Walker intends to bury myths about black business found in the work of sociologists E. Franklin Frazier (the idea that black consumers do not support black business and that African-Americans lack an entrepreneurial tradition), and especially, Nathan Glazer and Patrick Moynihan's contention that, most importantly, blacks historically had failed to "develop a pattern of saving" (p. xvii-xix). In contrast to most business historians, Walker stresses the role of governments in various periods in creating opportunity for whites. Revising Alfred Chandler, for whom the "visible hand" was management practices, Walker argues that the transformative "visible hand" consisted of government subsidies and support for white business. Placing the history of black enterprise within the larger context of the history of business in what became the United States, Walker argues first, that the legal framework consistently favored whites and discouraged black business; second, that, when African-Americans succeeded in carving out and developing profitable sectors, such as music production and beauty products for mass markets, whites have regularly tried to take over; third, that black business in urban areas often lost out to immigrant business people, who had advantages of education and capital; fourth, that only during the post-civil rights era were government programs available to black business and then only in a limited way; and finally, that today, as for the last 400 years, white racism continues to inhibit the progress of black entrepreneurs and managers.
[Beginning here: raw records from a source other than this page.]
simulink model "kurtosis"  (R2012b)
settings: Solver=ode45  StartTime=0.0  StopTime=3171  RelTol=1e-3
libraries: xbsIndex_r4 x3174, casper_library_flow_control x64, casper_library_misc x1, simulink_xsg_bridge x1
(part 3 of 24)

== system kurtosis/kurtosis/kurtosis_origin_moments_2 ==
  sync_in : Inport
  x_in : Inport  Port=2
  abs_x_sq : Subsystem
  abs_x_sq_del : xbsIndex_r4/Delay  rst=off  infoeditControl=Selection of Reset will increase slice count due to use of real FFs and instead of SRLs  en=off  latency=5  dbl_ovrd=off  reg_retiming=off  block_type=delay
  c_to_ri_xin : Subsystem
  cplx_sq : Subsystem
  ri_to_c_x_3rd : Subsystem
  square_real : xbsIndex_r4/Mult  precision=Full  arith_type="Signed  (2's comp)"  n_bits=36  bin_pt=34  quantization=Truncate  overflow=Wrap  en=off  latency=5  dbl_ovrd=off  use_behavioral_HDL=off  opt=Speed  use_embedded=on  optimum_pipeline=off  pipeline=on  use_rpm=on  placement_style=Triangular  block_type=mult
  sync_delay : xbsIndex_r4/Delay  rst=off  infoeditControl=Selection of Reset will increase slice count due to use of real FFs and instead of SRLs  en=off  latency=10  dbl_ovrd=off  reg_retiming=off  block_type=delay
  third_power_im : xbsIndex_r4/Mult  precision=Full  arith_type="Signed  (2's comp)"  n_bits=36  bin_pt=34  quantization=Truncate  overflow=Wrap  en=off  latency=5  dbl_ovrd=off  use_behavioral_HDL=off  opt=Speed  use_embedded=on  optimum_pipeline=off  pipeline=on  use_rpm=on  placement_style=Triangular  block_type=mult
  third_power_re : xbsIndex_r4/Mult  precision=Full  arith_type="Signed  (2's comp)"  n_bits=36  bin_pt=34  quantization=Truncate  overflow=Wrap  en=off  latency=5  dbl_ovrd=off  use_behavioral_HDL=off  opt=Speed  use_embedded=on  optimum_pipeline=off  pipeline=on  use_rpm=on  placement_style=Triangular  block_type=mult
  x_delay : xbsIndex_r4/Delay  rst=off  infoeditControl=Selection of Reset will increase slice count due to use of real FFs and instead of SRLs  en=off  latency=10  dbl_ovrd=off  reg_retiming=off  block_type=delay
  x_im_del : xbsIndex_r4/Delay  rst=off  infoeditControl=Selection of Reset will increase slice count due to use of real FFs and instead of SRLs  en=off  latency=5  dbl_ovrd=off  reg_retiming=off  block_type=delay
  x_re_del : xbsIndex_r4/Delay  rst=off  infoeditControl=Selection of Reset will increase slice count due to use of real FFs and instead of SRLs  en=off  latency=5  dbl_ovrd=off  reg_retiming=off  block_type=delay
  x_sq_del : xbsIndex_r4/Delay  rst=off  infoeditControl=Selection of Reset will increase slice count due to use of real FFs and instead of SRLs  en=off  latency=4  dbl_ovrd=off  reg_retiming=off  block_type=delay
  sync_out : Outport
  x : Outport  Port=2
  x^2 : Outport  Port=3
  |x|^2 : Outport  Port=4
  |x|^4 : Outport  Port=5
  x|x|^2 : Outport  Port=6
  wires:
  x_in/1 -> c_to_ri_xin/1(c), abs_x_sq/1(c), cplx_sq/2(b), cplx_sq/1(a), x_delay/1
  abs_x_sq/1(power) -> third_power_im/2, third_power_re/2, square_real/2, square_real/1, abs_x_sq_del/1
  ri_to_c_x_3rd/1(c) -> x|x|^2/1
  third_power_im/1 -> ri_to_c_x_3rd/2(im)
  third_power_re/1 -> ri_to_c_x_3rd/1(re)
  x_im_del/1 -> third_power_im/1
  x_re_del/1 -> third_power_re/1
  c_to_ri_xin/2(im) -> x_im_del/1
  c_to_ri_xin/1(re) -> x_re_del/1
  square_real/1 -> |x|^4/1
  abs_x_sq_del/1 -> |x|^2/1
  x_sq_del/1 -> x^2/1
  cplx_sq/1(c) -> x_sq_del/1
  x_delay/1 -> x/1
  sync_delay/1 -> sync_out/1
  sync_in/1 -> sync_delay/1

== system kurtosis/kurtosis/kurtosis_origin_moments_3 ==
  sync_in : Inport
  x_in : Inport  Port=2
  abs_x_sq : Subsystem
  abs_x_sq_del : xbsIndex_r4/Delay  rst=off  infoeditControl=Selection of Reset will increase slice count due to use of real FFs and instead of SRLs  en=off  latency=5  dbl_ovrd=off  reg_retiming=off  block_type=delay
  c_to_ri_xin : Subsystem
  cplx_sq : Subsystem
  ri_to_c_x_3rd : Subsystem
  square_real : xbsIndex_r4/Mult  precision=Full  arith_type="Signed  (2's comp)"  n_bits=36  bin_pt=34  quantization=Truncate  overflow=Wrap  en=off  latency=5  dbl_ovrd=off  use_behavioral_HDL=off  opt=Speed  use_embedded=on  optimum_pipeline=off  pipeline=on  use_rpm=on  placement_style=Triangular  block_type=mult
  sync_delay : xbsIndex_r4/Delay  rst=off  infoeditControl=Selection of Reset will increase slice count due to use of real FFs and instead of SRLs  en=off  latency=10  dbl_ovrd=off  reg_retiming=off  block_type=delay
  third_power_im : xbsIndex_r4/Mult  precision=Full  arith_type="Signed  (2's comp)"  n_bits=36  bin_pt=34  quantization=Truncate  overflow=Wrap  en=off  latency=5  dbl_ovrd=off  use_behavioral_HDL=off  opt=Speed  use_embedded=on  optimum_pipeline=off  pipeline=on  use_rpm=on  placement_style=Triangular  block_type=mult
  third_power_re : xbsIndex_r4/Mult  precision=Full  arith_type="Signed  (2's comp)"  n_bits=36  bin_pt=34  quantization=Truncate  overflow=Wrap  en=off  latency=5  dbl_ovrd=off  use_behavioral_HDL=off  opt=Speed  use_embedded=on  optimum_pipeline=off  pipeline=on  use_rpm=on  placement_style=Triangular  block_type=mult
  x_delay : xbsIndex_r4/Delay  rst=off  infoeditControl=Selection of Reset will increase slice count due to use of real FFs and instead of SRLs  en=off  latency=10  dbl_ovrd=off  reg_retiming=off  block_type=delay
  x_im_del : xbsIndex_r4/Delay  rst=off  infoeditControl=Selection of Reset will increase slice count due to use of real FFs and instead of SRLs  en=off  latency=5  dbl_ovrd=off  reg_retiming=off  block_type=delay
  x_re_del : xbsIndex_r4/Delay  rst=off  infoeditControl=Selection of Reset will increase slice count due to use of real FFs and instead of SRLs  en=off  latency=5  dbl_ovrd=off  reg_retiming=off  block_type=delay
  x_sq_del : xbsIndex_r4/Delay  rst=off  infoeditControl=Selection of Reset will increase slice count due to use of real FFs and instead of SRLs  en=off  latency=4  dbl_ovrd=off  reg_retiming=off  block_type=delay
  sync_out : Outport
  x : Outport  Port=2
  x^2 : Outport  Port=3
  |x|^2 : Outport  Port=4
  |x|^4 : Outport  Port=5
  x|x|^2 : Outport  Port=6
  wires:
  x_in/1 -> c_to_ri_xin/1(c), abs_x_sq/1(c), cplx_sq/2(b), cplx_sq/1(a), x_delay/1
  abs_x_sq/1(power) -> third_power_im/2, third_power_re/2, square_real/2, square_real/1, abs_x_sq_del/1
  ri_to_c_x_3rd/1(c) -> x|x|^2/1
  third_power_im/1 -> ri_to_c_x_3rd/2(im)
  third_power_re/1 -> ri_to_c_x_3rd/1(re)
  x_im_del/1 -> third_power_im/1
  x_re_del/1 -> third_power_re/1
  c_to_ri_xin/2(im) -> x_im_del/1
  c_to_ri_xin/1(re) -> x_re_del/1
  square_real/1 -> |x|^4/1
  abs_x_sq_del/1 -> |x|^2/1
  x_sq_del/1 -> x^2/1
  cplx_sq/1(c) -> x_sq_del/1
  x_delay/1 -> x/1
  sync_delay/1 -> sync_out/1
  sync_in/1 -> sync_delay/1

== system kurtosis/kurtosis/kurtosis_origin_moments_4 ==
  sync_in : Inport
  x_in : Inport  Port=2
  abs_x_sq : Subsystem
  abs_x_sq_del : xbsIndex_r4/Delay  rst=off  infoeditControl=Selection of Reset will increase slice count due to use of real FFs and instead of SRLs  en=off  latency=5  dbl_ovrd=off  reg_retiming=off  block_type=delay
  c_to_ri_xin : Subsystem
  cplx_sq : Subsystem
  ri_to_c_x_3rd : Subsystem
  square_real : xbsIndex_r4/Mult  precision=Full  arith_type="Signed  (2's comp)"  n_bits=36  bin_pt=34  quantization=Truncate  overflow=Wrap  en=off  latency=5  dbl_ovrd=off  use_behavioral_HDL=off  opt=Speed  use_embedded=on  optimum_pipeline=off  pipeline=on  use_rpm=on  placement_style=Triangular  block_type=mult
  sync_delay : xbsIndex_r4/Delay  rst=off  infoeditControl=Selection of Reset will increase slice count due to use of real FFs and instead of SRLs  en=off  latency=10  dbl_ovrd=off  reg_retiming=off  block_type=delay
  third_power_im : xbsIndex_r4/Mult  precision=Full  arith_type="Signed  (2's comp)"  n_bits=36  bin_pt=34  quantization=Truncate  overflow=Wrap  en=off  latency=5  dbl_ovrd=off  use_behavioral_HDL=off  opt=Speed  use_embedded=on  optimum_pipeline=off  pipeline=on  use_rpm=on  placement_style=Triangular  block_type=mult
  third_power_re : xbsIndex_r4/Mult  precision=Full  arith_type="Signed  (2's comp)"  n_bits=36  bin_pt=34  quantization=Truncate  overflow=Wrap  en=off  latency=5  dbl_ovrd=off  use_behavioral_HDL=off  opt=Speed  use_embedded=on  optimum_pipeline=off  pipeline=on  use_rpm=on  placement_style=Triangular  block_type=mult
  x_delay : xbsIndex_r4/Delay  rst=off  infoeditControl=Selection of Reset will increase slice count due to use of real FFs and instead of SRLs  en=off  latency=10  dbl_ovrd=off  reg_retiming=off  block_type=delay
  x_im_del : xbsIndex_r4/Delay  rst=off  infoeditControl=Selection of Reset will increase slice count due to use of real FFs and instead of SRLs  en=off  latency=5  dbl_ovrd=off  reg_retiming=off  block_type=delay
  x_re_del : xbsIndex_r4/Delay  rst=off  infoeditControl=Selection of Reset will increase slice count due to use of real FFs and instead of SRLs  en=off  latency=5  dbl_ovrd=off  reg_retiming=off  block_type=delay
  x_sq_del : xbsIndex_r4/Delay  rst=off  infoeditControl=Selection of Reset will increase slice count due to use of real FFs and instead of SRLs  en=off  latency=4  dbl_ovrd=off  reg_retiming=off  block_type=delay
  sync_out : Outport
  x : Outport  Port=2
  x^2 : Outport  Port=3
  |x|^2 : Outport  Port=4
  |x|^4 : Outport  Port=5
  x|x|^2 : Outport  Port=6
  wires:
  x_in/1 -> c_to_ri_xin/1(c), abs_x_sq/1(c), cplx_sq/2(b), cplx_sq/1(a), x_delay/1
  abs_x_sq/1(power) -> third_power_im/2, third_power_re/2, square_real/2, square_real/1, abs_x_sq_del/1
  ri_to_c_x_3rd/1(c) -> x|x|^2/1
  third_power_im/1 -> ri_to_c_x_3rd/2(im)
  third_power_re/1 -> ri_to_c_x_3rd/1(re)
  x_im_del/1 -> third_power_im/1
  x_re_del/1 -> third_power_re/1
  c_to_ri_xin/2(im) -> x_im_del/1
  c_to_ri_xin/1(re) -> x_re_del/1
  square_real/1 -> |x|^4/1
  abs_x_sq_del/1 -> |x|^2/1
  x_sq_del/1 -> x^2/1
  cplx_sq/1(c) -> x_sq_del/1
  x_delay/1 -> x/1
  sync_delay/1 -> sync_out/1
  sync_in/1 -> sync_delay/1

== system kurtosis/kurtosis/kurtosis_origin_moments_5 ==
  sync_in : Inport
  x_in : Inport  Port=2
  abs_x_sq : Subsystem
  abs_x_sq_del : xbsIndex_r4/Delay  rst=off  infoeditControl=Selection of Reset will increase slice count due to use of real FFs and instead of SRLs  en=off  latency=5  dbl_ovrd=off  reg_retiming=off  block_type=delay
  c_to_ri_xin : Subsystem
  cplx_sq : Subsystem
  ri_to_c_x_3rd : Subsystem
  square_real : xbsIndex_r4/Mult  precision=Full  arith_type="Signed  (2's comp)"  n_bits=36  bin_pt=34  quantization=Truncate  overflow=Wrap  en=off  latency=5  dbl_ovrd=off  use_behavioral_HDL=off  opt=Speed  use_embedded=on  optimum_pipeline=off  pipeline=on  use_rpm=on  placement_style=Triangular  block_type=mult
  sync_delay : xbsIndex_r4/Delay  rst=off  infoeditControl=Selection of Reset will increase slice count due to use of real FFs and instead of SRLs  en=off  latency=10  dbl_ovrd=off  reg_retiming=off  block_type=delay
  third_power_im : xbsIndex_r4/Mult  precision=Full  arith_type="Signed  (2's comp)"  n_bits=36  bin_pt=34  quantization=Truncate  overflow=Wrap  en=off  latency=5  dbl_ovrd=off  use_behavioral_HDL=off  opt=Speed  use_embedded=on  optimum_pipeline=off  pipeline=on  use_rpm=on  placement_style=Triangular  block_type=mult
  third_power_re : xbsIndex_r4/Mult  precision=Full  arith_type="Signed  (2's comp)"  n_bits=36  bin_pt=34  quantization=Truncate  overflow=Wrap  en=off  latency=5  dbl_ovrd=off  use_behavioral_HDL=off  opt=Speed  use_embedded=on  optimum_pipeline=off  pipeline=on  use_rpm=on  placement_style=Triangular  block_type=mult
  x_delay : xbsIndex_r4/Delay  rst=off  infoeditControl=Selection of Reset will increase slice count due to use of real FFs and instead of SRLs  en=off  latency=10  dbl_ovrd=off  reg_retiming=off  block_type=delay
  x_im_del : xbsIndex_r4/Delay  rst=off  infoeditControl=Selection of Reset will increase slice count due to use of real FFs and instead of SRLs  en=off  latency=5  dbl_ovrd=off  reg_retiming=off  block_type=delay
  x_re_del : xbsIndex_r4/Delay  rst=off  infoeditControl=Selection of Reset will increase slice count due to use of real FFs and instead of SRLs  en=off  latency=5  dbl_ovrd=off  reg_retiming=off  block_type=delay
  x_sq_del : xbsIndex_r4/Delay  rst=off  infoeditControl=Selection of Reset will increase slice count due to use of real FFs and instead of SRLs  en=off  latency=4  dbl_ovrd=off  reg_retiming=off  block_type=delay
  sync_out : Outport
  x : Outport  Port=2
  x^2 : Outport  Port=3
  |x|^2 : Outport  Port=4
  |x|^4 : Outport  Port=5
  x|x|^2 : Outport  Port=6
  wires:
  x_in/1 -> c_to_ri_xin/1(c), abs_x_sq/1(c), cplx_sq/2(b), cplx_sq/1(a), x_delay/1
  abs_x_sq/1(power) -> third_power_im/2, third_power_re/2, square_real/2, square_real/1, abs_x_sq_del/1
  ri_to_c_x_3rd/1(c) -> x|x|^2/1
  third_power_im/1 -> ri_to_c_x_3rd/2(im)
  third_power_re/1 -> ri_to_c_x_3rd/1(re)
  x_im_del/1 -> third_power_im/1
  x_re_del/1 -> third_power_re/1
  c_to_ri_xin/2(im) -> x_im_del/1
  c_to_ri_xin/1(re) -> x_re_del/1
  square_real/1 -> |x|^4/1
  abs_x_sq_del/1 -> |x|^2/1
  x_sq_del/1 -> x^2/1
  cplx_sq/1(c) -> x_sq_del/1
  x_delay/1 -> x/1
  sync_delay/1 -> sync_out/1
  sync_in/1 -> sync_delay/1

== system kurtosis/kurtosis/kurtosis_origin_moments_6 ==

Going far beyond previous scattered accounts of AfricanAmerican enterprise and synthesizing much previous scholarship, Walker traces the origins of independent economic activity by Blacks to business traditions found in precolonial West Africa, that is, to what her chapter title calls "African Diaspora Commercial Survivalisms." Africans brought to America came from "states propelled by a high degree of both individual and communally based profit-oriented entrepreneurial activities" (p.1) in agriculture, construction, fishing, craft and merchant guilds. Debunking the "stolen people" myth, Walker emphasizes the role of African states, rulers/politicians, merchants, business people, and military in the "African supply side" (p. 17) of the transatlantic market in human merchandise. Part of the "marketability" of people from certain regions consisted in their skill and experience with certain activities, such as mining, cattle-raising, and the culture of rice. Considering the use by enslaved Africans of the colonial period of their slave provision grounds, Walker traces this institution to West African traditions and experiences and argues that Eugene Genovese, among others, was wrong to see these plots of ground as merely a means by which Africans learned to get along without a master. …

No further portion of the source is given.